It is crazy that I drove throughout the canyon last night and saw no signage about this closure. I did see all the stakes that likely mark the route of the cable. This is for cell service in the canyon? I am envisioning lots more emergency calls about swimming boaters, more accidents from texting drivers, and a few lives saved from faster response.


----------



## cayo 2 (Apr 20, 2007)

Yeah but where will the jerky van be? I like to buy a little elk jerky at the take out for uppers, it 's a tradition..... are we really looking at 400 this week?

What's the Jerky Van really selling anyway? I cant imagine anyone stops there twice for four dollar an ounce Jerkey.

He's been in business longer than I've lived in CO, so he's doing something right.


----------



## cayo 2 (Apr 20, 2007)

Hey, Something fishy going on here....I did not write the last two sentences ...
admin edit?...yeah he is pricey...boy sure if hr lives in a van full of jerky down by the river, or not...


----------



## cayo 2 (Apr 20, 2007)

Site went down while editing ....not sure if he lives in a van full of jerky down by the river,or not ...


----------



## Jensjustduckie (Jun 29, 2007)

cayo 2 said:


> Site went down while editing ....not sure if he lives in a van full of jerky down by the river,or not ...


Well if I was going to live in a van down by the river I'd sure want it to be full of jerky.

With your post issues Jay it's making me wonder what he's lacing the jerky with


----------



## deepsouthpaddler (Apr 14, 2004)

Got a call back from state rep Tyler. They have a legislative CDOT liason who is talking to CDOT. 

My push is to have a scheduled after work timing when the river is over 175. Will keep the buzz updated.


----------



## deepsouthpaddler (Apr 14, 2004)

I got a meeting with CDOT's project manager for the clear creek work and CDOT's legislative liason. Meeting is next monday (21st). No gaurantees that we will get anything, but its a start. 

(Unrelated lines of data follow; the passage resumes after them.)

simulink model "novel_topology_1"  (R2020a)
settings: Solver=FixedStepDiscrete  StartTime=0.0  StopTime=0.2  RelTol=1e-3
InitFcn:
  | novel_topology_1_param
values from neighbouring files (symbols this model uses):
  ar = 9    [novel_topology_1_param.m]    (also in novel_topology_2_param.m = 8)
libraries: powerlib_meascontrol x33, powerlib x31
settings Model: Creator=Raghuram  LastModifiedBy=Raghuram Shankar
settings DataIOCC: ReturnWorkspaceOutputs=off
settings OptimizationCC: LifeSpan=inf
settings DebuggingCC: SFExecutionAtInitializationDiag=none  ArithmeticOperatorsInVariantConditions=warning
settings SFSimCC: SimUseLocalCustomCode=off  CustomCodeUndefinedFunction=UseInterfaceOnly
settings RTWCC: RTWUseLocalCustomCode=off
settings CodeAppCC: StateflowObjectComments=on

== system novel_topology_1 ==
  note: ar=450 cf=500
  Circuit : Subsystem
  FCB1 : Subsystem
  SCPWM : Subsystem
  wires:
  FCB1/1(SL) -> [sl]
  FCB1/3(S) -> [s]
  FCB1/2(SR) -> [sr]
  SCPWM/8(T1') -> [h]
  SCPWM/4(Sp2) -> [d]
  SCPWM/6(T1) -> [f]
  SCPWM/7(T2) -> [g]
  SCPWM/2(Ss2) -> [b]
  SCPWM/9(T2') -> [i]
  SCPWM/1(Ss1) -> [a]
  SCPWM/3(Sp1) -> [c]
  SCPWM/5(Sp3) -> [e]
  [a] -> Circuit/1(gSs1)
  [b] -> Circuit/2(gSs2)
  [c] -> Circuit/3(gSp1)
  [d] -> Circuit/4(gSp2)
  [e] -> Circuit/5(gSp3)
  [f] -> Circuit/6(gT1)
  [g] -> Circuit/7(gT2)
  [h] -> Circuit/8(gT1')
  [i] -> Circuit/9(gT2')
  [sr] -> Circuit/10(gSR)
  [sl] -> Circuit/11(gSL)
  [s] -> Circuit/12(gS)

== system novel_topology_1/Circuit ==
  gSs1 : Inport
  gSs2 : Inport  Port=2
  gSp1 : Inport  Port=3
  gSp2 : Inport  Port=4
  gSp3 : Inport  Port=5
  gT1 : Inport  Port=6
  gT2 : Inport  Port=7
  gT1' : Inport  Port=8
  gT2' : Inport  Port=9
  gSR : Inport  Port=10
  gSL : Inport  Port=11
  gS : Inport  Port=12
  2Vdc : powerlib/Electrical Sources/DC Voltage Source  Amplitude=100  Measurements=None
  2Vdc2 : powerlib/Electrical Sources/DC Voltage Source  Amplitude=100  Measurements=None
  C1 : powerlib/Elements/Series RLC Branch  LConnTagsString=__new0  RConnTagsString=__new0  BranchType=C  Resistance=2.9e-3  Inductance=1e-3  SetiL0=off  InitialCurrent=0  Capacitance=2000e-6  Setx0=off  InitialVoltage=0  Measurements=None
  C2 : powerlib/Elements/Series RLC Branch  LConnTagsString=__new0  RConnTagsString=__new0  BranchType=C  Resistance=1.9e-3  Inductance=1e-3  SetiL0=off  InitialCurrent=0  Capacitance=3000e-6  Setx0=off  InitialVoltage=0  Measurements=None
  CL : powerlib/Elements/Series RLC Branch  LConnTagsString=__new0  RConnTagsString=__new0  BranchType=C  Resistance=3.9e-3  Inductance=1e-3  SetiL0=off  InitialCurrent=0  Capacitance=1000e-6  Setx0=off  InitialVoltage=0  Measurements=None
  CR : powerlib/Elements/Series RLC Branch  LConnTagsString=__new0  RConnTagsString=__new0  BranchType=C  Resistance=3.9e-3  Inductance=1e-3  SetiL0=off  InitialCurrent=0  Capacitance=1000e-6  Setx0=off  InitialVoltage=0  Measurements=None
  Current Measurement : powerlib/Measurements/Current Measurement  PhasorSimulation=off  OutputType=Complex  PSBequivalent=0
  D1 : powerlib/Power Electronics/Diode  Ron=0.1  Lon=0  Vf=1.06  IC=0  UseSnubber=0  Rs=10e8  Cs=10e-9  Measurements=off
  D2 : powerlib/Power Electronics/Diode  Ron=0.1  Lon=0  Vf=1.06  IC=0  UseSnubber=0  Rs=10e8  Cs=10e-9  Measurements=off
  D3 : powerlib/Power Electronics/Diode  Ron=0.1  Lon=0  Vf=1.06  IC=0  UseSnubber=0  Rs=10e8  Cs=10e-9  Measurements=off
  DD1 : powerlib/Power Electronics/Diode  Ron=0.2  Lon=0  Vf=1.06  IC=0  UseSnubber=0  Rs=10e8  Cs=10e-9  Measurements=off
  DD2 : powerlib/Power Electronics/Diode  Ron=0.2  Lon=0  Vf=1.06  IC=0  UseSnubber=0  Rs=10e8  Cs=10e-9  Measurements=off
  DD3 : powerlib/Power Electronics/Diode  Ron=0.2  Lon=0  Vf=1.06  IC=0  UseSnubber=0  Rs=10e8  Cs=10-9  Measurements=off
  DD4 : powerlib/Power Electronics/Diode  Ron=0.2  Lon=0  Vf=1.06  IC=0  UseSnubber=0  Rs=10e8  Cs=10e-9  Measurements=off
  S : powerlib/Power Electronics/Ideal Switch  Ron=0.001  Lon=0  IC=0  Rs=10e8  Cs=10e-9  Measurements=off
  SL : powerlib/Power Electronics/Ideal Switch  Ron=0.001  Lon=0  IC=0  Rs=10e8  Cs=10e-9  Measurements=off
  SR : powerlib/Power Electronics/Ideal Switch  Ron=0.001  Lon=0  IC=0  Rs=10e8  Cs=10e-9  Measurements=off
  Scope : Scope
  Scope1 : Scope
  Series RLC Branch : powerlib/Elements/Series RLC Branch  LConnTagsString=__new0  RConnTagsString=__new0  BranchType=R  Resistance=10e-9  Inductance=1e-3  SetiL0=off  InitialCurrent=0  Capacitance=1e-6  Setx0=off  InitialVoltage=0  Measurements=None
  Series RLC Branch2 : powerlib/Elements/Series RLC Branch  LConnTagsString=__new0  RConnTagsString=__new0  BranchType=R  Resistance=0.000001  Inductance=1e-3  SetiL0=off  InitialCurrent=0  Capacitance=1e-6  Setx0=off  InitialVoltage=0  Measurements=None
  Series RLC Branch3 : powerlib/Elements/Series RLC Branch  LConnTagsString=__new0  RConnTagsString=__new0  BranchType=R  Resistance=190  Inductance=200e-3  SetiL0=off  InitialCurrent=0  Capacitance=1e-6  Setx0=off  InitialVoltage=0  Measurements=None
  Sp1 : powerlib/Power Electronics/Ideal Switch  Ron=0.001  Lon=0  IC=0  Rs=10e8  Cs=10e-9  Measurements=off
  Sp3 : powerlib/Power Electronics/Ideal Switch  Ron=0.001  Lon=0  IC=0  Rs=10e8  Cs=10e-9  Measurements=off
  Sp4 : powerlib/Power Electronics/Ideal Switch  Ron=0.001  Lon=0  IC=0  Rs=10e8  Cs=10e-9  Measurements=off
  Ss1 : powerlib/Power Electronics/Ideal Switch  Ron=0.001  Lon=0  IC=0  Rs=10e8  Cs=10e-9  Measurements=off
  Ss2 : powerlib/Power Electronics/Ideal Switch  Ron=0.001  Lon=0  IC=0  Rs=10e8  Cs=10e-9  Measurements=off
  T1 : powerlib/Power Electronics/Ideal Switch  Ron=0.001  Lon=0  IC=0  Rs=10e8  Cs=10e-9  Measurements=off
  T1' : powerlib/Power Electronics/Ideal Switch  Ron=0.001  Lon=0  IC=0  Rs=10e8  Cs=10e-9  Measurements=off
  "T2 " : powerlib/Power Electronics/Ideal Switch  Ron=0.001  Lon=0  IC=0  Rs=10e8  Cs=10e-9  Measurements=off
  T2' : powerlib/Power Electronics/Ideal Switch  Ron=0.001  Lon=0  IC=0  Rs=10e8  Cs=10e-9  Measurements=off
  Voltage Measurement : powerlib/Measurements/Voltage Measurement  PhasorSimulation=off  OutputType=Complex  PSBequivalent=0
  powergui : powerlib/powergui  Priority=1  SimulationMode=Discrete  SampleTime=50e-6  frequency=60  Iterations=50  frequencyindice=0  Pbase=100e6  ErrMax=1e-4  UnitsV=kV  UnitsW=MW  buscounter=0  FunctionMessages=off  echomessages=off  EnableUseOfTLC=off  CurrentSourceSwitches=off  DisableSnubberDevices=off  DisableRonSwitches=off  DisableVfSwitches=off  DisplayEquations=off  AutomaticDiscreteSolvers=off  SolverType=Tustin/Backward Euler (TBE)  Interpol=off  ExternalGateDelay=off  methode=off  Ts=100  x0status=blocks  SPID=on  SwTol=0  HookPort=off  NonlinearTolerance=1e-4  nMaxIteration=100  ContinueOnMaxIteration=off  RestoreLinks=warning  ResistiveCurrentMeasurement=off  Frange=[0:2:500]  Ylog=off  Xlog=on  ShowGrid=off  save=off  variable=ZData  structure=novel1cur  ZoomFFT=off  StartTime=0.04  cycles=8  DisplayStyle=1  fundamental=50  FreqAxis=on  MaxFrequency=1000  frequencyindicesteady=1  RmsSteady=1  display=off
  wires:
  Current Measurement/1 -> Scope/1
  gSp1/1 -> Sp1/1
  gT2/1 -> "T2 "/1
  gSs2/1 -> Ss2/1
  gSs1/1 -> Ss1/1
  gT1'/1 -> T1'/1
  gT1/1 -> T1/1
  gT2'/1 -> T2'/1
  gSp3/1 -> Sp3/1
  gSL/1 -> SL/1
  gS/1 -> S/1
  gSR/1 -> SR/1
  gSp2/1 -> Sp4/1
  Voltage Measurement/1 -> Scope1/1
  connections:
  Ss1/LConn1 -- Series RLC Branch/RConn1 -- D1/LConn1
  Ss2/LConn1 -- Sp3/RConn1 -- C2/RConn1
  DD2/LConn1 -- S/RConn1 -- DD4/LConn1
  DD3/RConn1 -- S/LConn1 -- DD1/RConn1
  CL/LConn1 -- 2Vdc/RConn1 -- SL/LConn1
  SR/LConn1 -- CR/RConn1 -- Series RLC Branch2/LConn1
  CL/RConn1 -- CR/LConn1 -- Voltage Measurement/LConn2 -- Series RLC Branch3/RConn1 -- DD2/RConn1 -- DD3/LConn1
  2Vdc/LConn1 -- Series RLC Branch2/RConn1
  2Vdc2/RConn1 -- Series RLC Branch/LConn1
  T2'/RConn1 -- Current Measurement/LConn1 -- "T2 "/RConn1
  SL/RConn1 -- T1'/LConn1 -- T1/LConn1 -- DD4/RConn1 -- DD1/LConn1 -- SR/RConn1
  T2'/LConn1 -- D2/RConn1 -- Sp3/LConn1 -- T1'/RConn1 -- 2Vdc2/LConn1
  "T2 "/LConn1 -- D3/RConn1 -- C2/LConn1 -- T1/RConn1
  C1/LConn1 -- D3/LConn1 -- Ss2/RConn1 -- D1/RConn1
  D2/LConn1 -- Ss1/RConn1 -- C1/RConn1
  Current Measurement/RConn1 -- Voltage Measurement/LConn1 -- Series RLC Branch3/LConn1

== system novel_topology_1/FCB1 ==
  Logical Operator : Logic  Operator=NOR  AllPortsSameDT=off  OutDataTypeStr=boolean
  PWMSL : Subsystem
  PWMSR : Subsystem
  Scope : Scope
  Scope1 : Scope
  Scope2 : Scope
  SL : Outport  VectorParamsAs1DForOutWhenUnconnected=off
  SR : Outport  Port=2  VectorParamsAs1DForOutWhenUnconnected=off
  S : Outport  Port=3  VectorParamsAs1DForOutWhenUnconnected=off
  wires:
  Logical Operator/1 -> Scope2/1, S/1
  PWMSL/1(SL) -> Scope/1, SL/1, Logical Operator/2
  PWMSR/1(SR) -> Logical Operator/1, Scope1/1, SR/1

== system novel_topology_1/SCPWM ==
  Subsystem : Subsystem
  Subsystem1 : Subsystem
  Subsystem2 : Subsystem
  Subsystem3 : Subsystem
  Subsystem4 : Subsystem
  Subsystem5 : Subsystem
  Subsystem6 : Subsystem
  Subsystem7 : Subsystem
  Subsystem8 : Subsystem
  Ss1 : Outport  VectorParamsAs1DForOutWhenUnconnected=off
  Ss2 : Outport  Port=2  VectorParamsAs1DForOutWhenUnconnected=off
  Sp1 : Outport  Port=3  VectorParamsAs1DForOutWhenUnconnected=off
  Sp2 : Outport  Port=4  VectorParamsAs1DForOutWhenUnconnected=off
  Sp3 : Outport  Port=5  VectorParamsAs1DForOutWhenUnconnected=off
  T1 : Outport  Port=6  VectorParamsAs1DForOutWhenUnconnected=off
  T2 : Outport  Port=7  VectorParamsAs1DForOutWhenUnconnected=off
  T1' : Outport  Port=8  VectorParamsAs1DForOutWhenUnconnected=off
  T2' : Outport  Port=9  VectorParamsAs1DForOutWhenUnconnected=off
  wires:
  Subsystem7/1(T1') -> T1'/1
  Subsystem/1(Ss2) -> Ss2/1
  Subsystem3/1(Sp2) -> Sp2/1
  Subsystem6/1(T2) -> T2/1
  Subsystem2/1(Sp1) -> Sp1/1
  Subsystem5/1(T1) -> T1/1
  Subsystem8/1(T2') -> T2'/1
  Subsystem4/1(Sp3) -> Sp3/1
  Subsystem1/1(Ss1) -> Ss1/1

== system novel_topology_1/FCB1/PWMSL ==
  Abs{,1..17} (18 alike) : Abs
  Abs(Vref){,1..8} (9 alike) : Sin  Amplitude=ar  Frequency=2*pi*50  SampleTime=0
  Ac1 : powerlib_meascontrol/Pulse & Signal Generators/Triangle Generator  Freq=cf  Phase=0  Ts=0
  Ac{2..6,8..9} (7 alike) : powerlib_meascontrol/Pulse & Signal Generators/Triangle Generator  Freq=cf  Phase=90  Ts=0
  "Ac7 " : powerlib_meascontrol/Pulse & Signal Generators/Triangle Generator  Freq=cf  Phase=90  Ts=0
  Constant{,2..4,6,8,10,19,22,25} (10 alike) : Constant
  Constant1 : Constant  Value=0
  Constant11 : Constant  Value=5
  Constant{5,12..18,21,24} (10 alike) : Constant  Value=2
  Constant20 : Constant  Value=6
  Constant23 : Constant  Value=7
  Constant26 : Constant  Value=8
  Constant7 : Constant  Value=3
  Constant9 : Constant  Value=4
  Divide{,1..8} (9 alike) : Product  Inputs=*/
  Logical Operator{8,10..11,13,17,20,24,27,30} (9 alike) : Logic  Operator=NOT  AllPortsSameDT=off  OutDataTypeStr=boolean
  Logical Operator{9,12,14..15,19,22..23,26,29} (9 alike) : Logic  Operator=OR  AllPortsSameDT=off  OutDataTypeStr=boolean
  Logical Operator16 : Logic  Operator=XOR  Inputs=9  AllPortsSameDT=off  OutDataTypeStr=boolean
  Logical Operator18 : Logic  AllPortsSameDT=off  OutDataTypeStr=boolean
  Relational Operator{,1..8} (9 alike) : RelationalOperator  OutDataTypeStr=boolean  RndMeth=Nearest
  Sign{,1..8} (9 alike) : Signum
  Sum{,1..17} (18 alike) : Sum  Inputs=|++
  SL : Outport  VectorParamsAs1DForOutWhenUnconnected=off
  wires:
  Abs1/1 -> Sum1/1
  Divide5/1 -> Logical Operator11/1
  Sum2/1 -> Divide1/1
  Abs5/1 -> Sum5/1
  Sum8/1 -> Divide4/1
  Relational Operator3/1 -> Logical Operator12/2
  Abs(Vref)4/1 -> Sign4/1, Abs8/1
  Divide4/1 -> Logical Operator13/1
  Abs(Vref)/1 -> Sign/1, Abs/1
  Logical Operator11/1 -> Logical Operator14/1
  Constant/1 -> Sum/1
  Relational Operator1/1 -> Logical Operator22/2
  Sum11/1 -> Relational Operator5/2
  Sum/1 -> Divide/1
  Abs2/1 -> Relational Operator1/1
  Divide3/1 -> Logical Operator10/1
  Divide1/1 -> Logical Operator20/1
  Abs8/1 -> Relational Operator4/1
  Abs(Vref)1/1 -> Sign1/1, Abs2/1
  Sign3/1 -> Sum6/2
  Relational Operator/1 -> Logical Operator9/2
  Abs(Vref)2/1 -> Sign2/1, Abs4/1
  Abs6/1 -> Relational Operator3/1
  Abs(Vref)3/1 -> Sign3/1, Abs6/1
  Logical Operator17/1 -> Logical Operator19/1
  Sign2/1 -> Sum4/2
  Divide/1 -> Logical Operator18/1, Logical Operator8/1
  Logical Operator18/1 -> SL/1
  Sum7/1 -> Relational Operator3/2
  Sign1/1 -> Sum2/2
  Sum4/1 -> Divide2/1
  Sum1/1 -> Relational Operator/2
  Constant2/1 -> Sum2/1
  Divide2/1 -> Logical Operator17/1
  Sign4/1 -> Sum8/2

I'm challenged for time between now and then. Are there any mapping folks out there who could whip out a map of clear creek canyon and put labels on it for tunnel 1 put in for the class III into town, the green bridge for lower put in / blackrock takeout, and the blackrock put in? PM me if you could help me out with some simple maps. I want to come into the meeting prepped with timing proposals and specific locations that we want to access.


----------



## cayo 2 (Apr 20, 2007)

Thanks Ian, and for your NFk. work.


Jen, yes I have many issues with computers usually has little to do with inebriation.....don 't need no jerky dude to cop....seriously though, I would like to know how /why someone interjected comments into my post...admin explanation please.....thanx


----------



## deepsouthpaddler (Apr 14, 2004)

Had a meeting today with CDOT. No good news to report. They are doing a ton or work from cell towers to fiber optic line, to tunnel repairs, to maintenance crews work, to rock blasting. They are taking 6 months of work and cramming it all into 6 weeks of shutdown.

They definitely won't entertain kayak access during the clousre for the next two weeks as they are short weeks before and after memmorial day. The project manager said he would speak with the contractors and see if we could get in one night the first week of June. I think its a low probability of success.

I'll update if I get any good news.


----------